Testing in Dotty

Running all tests in Dotty is as simple as:

$ sbt test

There are currently several forms of tests in Dotty. These can be split into two categories:

Unit tests

These tests can be found in <sub-project>/test and are used to check functionality of specific parts of the codebase in isolation e.g: parsing, scanning and message errors.

Running a single unit test class from sbt is as simple as:

> testOnly absolute.path.to.TestClass

You can further restrict the executed tests to a subset of TestClass methods as follows:

> testOnly absolute.path.to.TestClass -- *methodName

Integration tests

These tests are Scala source files expected to compile with Dotty (pos tests), along with their expected output (run tests) or errors (neg tests).

All of these tests are contained in the ./tests/* directories.

scala-partest

Historically these tests needed a structure which was generated by running the unit tests, and then that structure was in turn used by scala-partest to run compilation tests in parallel.

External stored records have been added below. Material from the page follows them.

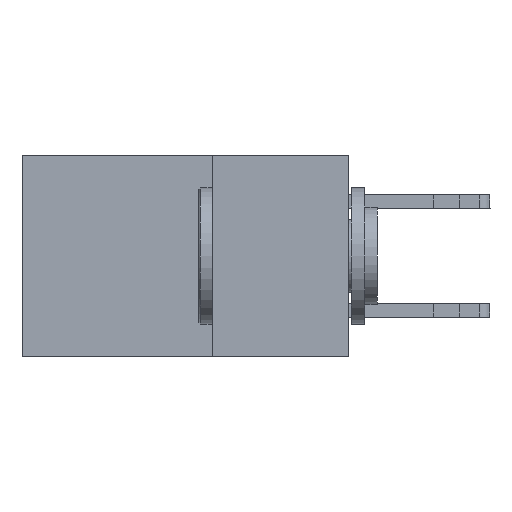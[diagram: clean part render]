
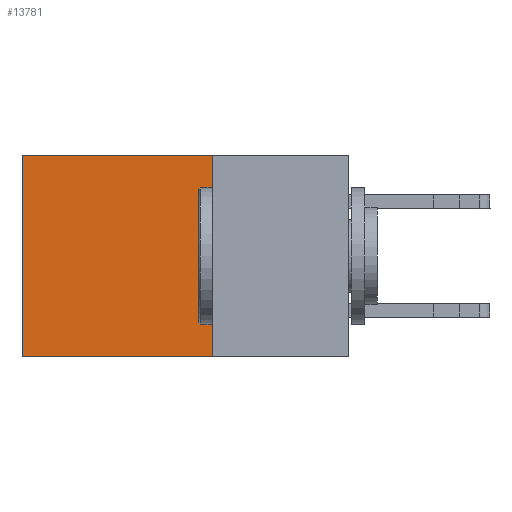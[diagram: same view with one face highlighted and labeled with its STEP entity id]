
A CAD part, left-side view. The second image highlights one B-rep face of the part: STEP entity #13781.
In plain terms, the highlighted planar face has unit normal (-1, 0, 0).
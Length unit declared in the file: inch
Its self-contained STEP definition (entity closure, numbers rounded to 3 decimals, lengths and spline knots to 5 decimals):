
#258 = CARTESIAN_POINT ( 'NONE',  ( 0.298, 0.25, 0. ) ) ;
#606 = CARTESIAN_POINT ( 'NONE',  ( 0.298, 0.25, 0. ) ) ;
#663 = VERTEX_POINT ( 'NONE', #10802 ) ;
#1853 = CARTESIAN_POINT ( 'NONE',  ( 0.298, 0.25, -0.37 ) ) ;
#2068 = CARTESIAN_POINT ( 'NONE',  ( 0.298, 0.25, -0.37 ) ) ;
#2097 = EDGE_CURVE ( 'NONE', #4051, #663, #9629, .T. ) ;
#2686 = DIRECTION ( 'NONE',  ( 0., 0., -1. ) ) ;
#3290 = CARTESIAN_POINT ( 'NONE',  ( 0.298, 0.25, 0. ) ) ;
#3770 = FACE_OUTER_BOUND ( 'NONE', #13957, .T. ) ;
#3962 = EDGE_CURVE ( 'NONE', #9189, #4051, #5203, .T. ) ;
#4051 = VERTEX_POINT ( 'NONE', #2068 ) ;
#4500 = EDGE_CURVE ( 'NONE', #9189, #9000, #12044, .T. ) ;
#4690 = ORIENTED_EDGE ( 'NONE', *, *, #12674, .T. ) ;
#4719 = DIRECTION ( 'NONE',  ( 1., 0., 0. ) ) ;
#5099 = ORIENTED_EDGE ( 'NONE', *, *, #4500, .T. ) ;
#5203 = LINE ( 'NONE', #606, #10530 ) ;
#6617 = VECTOR ( 'NONE', #13395, 39.37008 ) ;
#7725 = ORIENTED_EDGE ( 'NONE', *, *, #2097, .F. ) ;
#8881 = LINE ( 'NONE', #9930, #6617 ) ;
#9000 = VERTEX_POINT ( 'NONE', #9788 ) ;
#9189 = VERTEX_POINT ( 'NONE', #10075 ) ;
#9629 = LINE ( 'NONE', #1853, #13569 ) ;
#9788 = CARTESIAN_POINT ( 'NONE',  ( 0.298, 0.6, 0. ) ) ;
#9930 = CARTESIAN_POINT ( 'NONE',  ( 0.298, 0.6, 0. ) ) ;
#10075 = CARTESIAN_POINT ( 'NONE',  ( 0.298, 0.25, 0. ) ) ;
#10530 = VECTOR ( 'NONE', #10759, 39.37008 ) ;
#10759 = DIRECTION ( 'NONE',  ( 0., 0., -1. ) ) ;
#10802 = CARTESIAN_POINT ( 'NONE',  ( 0.298, 0.6, -0.37 ) ) ;
#12044 = LINE ( 'NONE', #3290, #12444 ) ;
#12136 = ORIENTED_EDGE ( 'NONE', *, *, #3962, .F. ) ;
#12264 = DIRECTION ( 'NONE',  ( 0., 1., 0. ) ) ;
#12444 = VECTOR ( 'NONE', #12264, 39.37008 ) ;
#12674 = EDGE_CURVE ( 'NONE', #9000, #663, #8881, .T. ) ;
#12675 = PLANE ( 'NONE',  #13380 ) ;
#13380 = AXIS2_PLACEMENT_3D ( 'NONE', #258, #4719, #2686 ) ;
#13395 = DIRECTION ( 'NONE',  ( 0., 0., -1. ) ) ;
#13569 = VECTOR ( 'NONE', #14123, 39.37008 ) ;
#13781 = ADVANCED_FACE ( 'NONE', ( #3770 ), #12675, .F. ) ;
#13957 = EDGE_LOOP ( 'NONE', ( #4690, #7725, #12136, #5099 ) ) ;
#14123 = DIRECTION ( 'NONE',  ( 0., 1., 0. ) ) ;

This test suite can still be used (and is currently a part of the CI to check that it has the same outcome as the new test suite). It is invoked from sbt by running one of the following commands:

> partest-only-no-bootstrap
> partest-only
> partest
  • partest-only-no-bootstrap will only run the integration tests
  • partest-only will bootstrap the compiler and run the integration tests
  • partest will bootstrap the compiler, run the unit tests and then the integration tests

dotty parallel test suite

The new test suite will soon become the standard integration test runner. It has several advantages over the old implementation:

  • integrates with JUnit, without the need for setup
  • reuses the same VM for compilation
  • allows filtering of tests
  • runs much faster (almost 2x)

Currently to run these tests you need to invoke from sbt:

> testOnly dotty.tools.dotc.CompilationTests

This might be aliased in the future. It is also possible to run tests filtered by using:

> filterTest .*i2147.scala

This will run both the test ./tests/pos/i2147.scala and ./tests/partest-test/i2147.scala since both of these match the given regular expression. This also means that you could run filterTest .* to run all integration tests.